No caso da sociedade brasileira, a classe média é quem tem voz. Ela ficou muito ameaçada com o aumento do preço do serviço, que já vinha acontecendo com o desequilíbrio da oferta e demanda desde a década de 90. Este fato está intimamente ligado à entrada da mulher no mercado de trabalho, que foi um movimento extremamente forte, mas que está estacionado no mesmo patamar. Ninguém teve coragem de ser contra, mas foram apresentando argumentos sobre como seria difícil essa implementação. É uma relação vital, principalmente para as mulheres ocupadas com filhos pequenos.
Parou de crescer a entrada da mulher no mercado de trabalho?
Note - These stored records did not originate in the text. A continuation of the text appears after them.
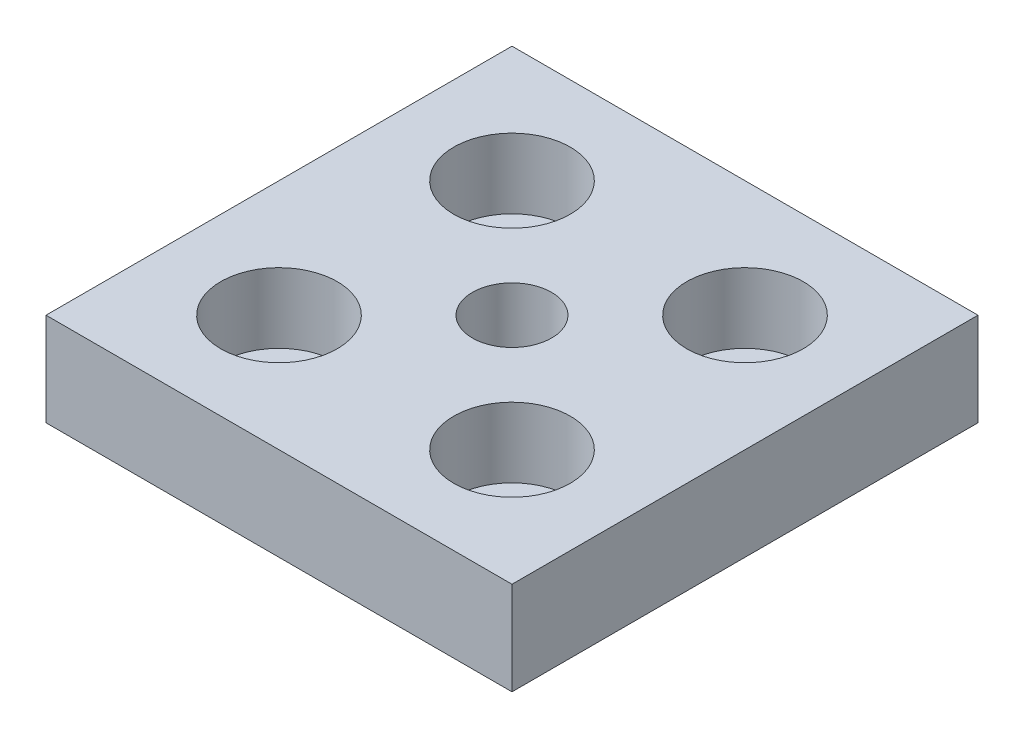
ISO-10303-21;
HEADER;
FILE_DESCRIPTION(('STEP AP214'),'2;1');
FILE_NAME('part.step','',(''),(''),'','','');
FILE_SCHEMA(('AUTOMOTIVE_DESIGN { 1 0 10303 214 1 1 1 1 }'));
ENDSEC;
DATA;
#1=APPLICATION_CONTEXT('core data for automotive mechanical design processes');
#2=APPLICATION_PROTOCOL_DEFINITION('international standard','automotive_design',2000,#1);
#3=PRODUCT_CONTEXT('',#1,'mechanical');
#4=PRODUCT('Part','Part','',(#3));
#5=PRODUCT_RELATED_PRODUCT_CATEGORY('part','',(#4));
#6=PRODUCT_DEFINITION_FORMATION('','',#4);
#7=PRODUCT_DEFINITION_CONTEXT('part definition',#1,'design');
#8=PRODUCT_DEFINITION('design','',#6,#7);
#9=PRODUCT_DEFINITION_SHAPE('','',#8);
#10=(LENGTH_UNIT() NAMED_UNIT(*) SI_UNIT(.MILLI.,.METRE.));
#11=(NAMED_UNIT(*) PLANE_ANGLE_UNIT() SI_UNIT($,.RADIAN.));
#12=(NAMED_UNIT(*) SI_UNIT($,.STERADIAN.) SOLID_ANGLE_UNIT());
#13=UNCERTAINTY_MEASURE_WITH_UNIT(LENGTH_MEASURE(1.E-05),#10,'distance_accuracy_value','');
#14=(GEOMETRIC_REPRESENTATION_CONTEXT(3) GLOBAL_UNCERTAINTY_ASSIGNED_CONTEXT((#13)) GLOBAL_UNIT_ASSIGNED_CONTEXT((#10,
#11,#12)) REPRESENTATION_CONTEXT('',''));
#15=CARTESIAN_POINT('',(0.,0.,0.));
#16=DIRECTION('',(0.,0.,1.));
#17=DIRECTION('',(1.,0.,0.));
#18=AXIS2_PLACEMENT_3D('',#15,#16,#17);
#19=CARTESIAN_POINT('',(-15.,0.,-15.));
#20=DIRECTION('',(0.,1.,0.));
#21=DIRECTION('',(0.,0.,1.));
#22=AXIS2_PLACEMENT_3D('',#19,#20,#21);
#23=CYLINDRICAL_SURFACE('',#22,4.5);
#24=CARTESIAN_POINT('',(-15.,0.,-15.));
#25=DIRECTION('',(0.,1.,0.));
#26=DIRECTION('',(0.,0.,1.));
#27=AXIS2_PLACEMENT_3D('',#24,#25,#26);
#28=CIRCLE('',#27,4.5);
#29=CARTESIAN_POINT('',(-15.,0.,-10.5));
#30=VERTEX_POINT('',#29);
#31=EDGE_CURVE('E137',#30,#30,#28,.T.);
#32=ORIENTED_EDGE('',*,*,#31,.F.);
#33=EDGE_LOOP('',(#32));
#34=FACE_BOUND('',#33,.T.);
#35=CARTESIAN_POINT('',(-15.,3.,-15.));
#36=DIRECTION('',(0.,1.,0.));
#37=DIRECTION('',(0.,0.,1.));
#38=AXIS2_PLACEMENT_3D('',#35,#36,#37);
#39=CIRCLE('',#38,4.5);
#40=CARTESIAN_POINT('',(-15.,3.,-10.5));
#41=VERTEX_POINT('',#40);
#42=EDGE_CURVE('E41',#41,#41,#39,.F.);
#43=ORIENTED_EDGE('',*,*,#42,.F.);
#44=EDGE_LOOP('',(#43));
#45=FACE_BOUND('',#44,.T.);
#46=ADVANCED_FACE('F37',(#34,#45),#23,.F.);
#47=CARTESIAN_POINT('',(15.,0.,-15.));
#48=DIRECTION('',(0.,1.,0.));
#49=DIRECTION('',(0.,0.,1.));
#50=AXIS2_PLACEMENT_3D('',#47,#48,#49);
#51=CYLINDRICAL_SURFACE('',#50,4.5);
#52=CARTESIAN_POINT('',(15.,0.,-15.));
#53=DIRECTION('',(0.,1.,0.));
#54=DIRECTION('',(0.,0.,1.));
#55=AXIS2_PLACEMENT_3D('',#52,#53,#54);
#56=CIRCLE('',#55,4.5);
#57=CARTESIAN_POINT('',(15.,0.,-10.5));
#58=VERTEX_POINT('',#57);
#59=EDGE_CURVE('E133',#58,#58,#56,.T.);
#60=ORIENTED_EDGE('',*,*,#59,.F.);
#61=EDGE_LOOP('',(#60));
#62=FACE_BOUND('',#61,.T.);
#63=CARTESIAN_POINT('',(15.,3.,-15.));
#64=DIRECTION('',(0.,1.,0.));
#65=DIRECTION('',(0.,0.,1.));
#66=AXIS2_PLACEMENT_3D('',#63,#64,#65);
#67=CIRCLE('',#66,4.5);
#68=CARTESIAN_POINT('',(15.,3.,-10.5));
#69=VERTEX_POINT('',#68);
#70=EDGE_CURVE('E119',#69,#69,#67,.F.);
#71=ORIENTED_EDGE('',*,*,#70,.F.);
#72=EDGE_LOOP('',(#71));
#73=FACE_BOUND('',#72,.T.);
#74=ADVANCED_FACE('F165',(#62,#73),#51,.F.);
#75=CARTESIAN_POINT('',(15.,0.,15.));
#76=DIRECTION('',(0.,1.,0.));
#77=DIRECTION('',(0.,0.,1.));
#78=AXIS2_PLACEMENT_3D('',#75,#76,#77);
#79=CYLINDRICAL_SURFACE('',#78,4.5);
#80=CARTESIAN_POINT('',(15.,0.,15.));
#81=DIRECTION('',(0.,1.,0.));
#82=DIRECTION('',(0.,0.,1.));
#83=AXIS2_PLACEMENT_3D('',#80,#81,#82);
#84=CIRCLE('',#83,4.5);
#85=CARTESIAN_POINT('',(15.,0.,19.5));
#86=VERTEX_POINT('',#85);
#87=EDGE_CURVE('E128',#86,#86,#84,.T.);
#88=ORIENTED_EDGE('',*,*,#87,.F.);
#89=EDGE_LOOP('',(#88));
#90=FACE_BOUND('',#89,.T.);
#91=CARTESIAN_POINT('',(15.,3.,15.));
#92=DIRECTION('',(0.,1.,0.));
#93=DIRECTION('',(0.,0.,1.));
#94=AXIS2_PLACEMENT_3D('',#91,#92,#93);
#95=CIRCLE('',#94,4.5);
#96=CARTESIAN_POINT('',(15.,3.,19.5));
#97=VERTEX_POINT('',#96);
#98=EDGE_CURVE('E116',#97,#97,#95,.F.);
#99=ORIENTED_EDGE('',*,*,#98,.F.);
#100=EDGE_LOOP('',(#99));
#101=FACE_BOUND('',#100,.T.);
#102=ADVANCED_FACE('F171',(#90,#101),#79,.F.);
#103=CARTESIAN_POINT('',(-15.,0.,15.));
#104=DIRECTION('',(0.,1.,0.));
#105=DIRECTION('',(0.,0.,1.));
#106=AXIS2_PLACEMENT_3D('',#103,#104,#105);
#107=CYLINDRICAL_SURFACE('',#106,4.5);
#108=CARTESIAN_POINT('',(-15.,0.,15.));
#109=DIRECTION('',(0.,1.,0.));
#110=DIRECTION('',(0.,0.,1.));
#111=AXIS2_PLACEMENT_3D('',#108,#109,#110);
#112=CIRCLE('',#111,4.5);
#113=CARTESIAN_POINT('',(-15.,0.,19.5));
#114=VERTEX_POINT('',#113);
#115=EDGE_CURVE('E124',#114,#114,#112,.T.);
#116=ORIENTED_EDGE('',*,*,#115,.F.);
#117=EDGE_LOOP('',(#116));
#118=FACE_BOUND('',#117,.T.);
#119=CARTESIAN_POINT('',(-15.,3.,15.));
#120=DIRECTION('',(0.,1.,0.));
#121=DIRECTION('',(0.,0.,1.));
#122=AXIS2_PLACEMENT_3D('',#119,#120,#121);
#123=CIRCLE('',#122,4.5);
#124=CARTESIAN_POINT('',(-15.,3.,19.5));
#125=VERTEX_POINT('',#124);
#126=EDGE_CURVE('E113',#125,#125,#123,.F.);
#127=ORIENTED_EDGE('',*,*,#126,.F.);
#128=EDGE_LOOP('',(#127));
#129=FACE_BOUND('',#128,.T.);
#130=ADVANCED_FACE('F178',(#118,#129),#107,.F.);
#131=CARTESIAN_POINT('',(30.,12.,30.));
#132=DIRECTION('',(-1.,0.,0.));
#133=DIRECTION('',(0.,0.,1.));
#134=AXIS2_PLACEMENT_3D('',#131,#132,#133);
#135=PLANE('',#134);
#136=DIRECTION('',(0.,0.,-1.));
#137=VECTOR('',#136,1.);
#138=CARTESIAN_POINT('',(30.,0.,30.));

Está num limite entre 41% e 42%. É um problema de conciliação da carreira com a maternidade. E não é diferente na Europa, mesmo com uma legislação diferenciada na França, na Inglaterra e na Alemanha. Chegaram a um impasse. É um teto de vidro. Discriminação salarial aparece mais para as mulheres que têm carreira. Na pobreza, o salário mínimo acaba igualando. Isso tem a ver com a sociabilidade que cerca ser mulher e o ser masculino. A sociabilidade pela maternidade é a marca. Está abalada, mas não foi destronada. Não conseguimos fugir. Para os homens é mais fácil. Adota o filho do outro e esquece o seu próprio filho. Ele chega a esquecer o aniversário do filho depois que se separa.
Como isso se dá no mercado de trabalho?
As mulheres não querem viajar. Executivo moderno não tem família. É deslocado para qualquer lugar. Quando uma mulher é escolhida CEO de uma corporação estrangeira sai matéria no jornal. Vamos torcer para Janet (Janet Yellen, vice-presidente Fed, banco central americano) ganhar do Summers (Lawrence Summers, ex-secretário do Tesouro americano) para substitituir Ben Bernanke (atual comandante do Fed). O Fed é o filé mignon do capitalismo mundial. É o sonho da Conceição (a economista Maria da Conceição Tavares) ser presidente do Banco Central, não a presidente do Brasil. Meu feeling diz que ela não ganha, mas, se ganhar, vamos tomar uma taça de vinho para comemorar.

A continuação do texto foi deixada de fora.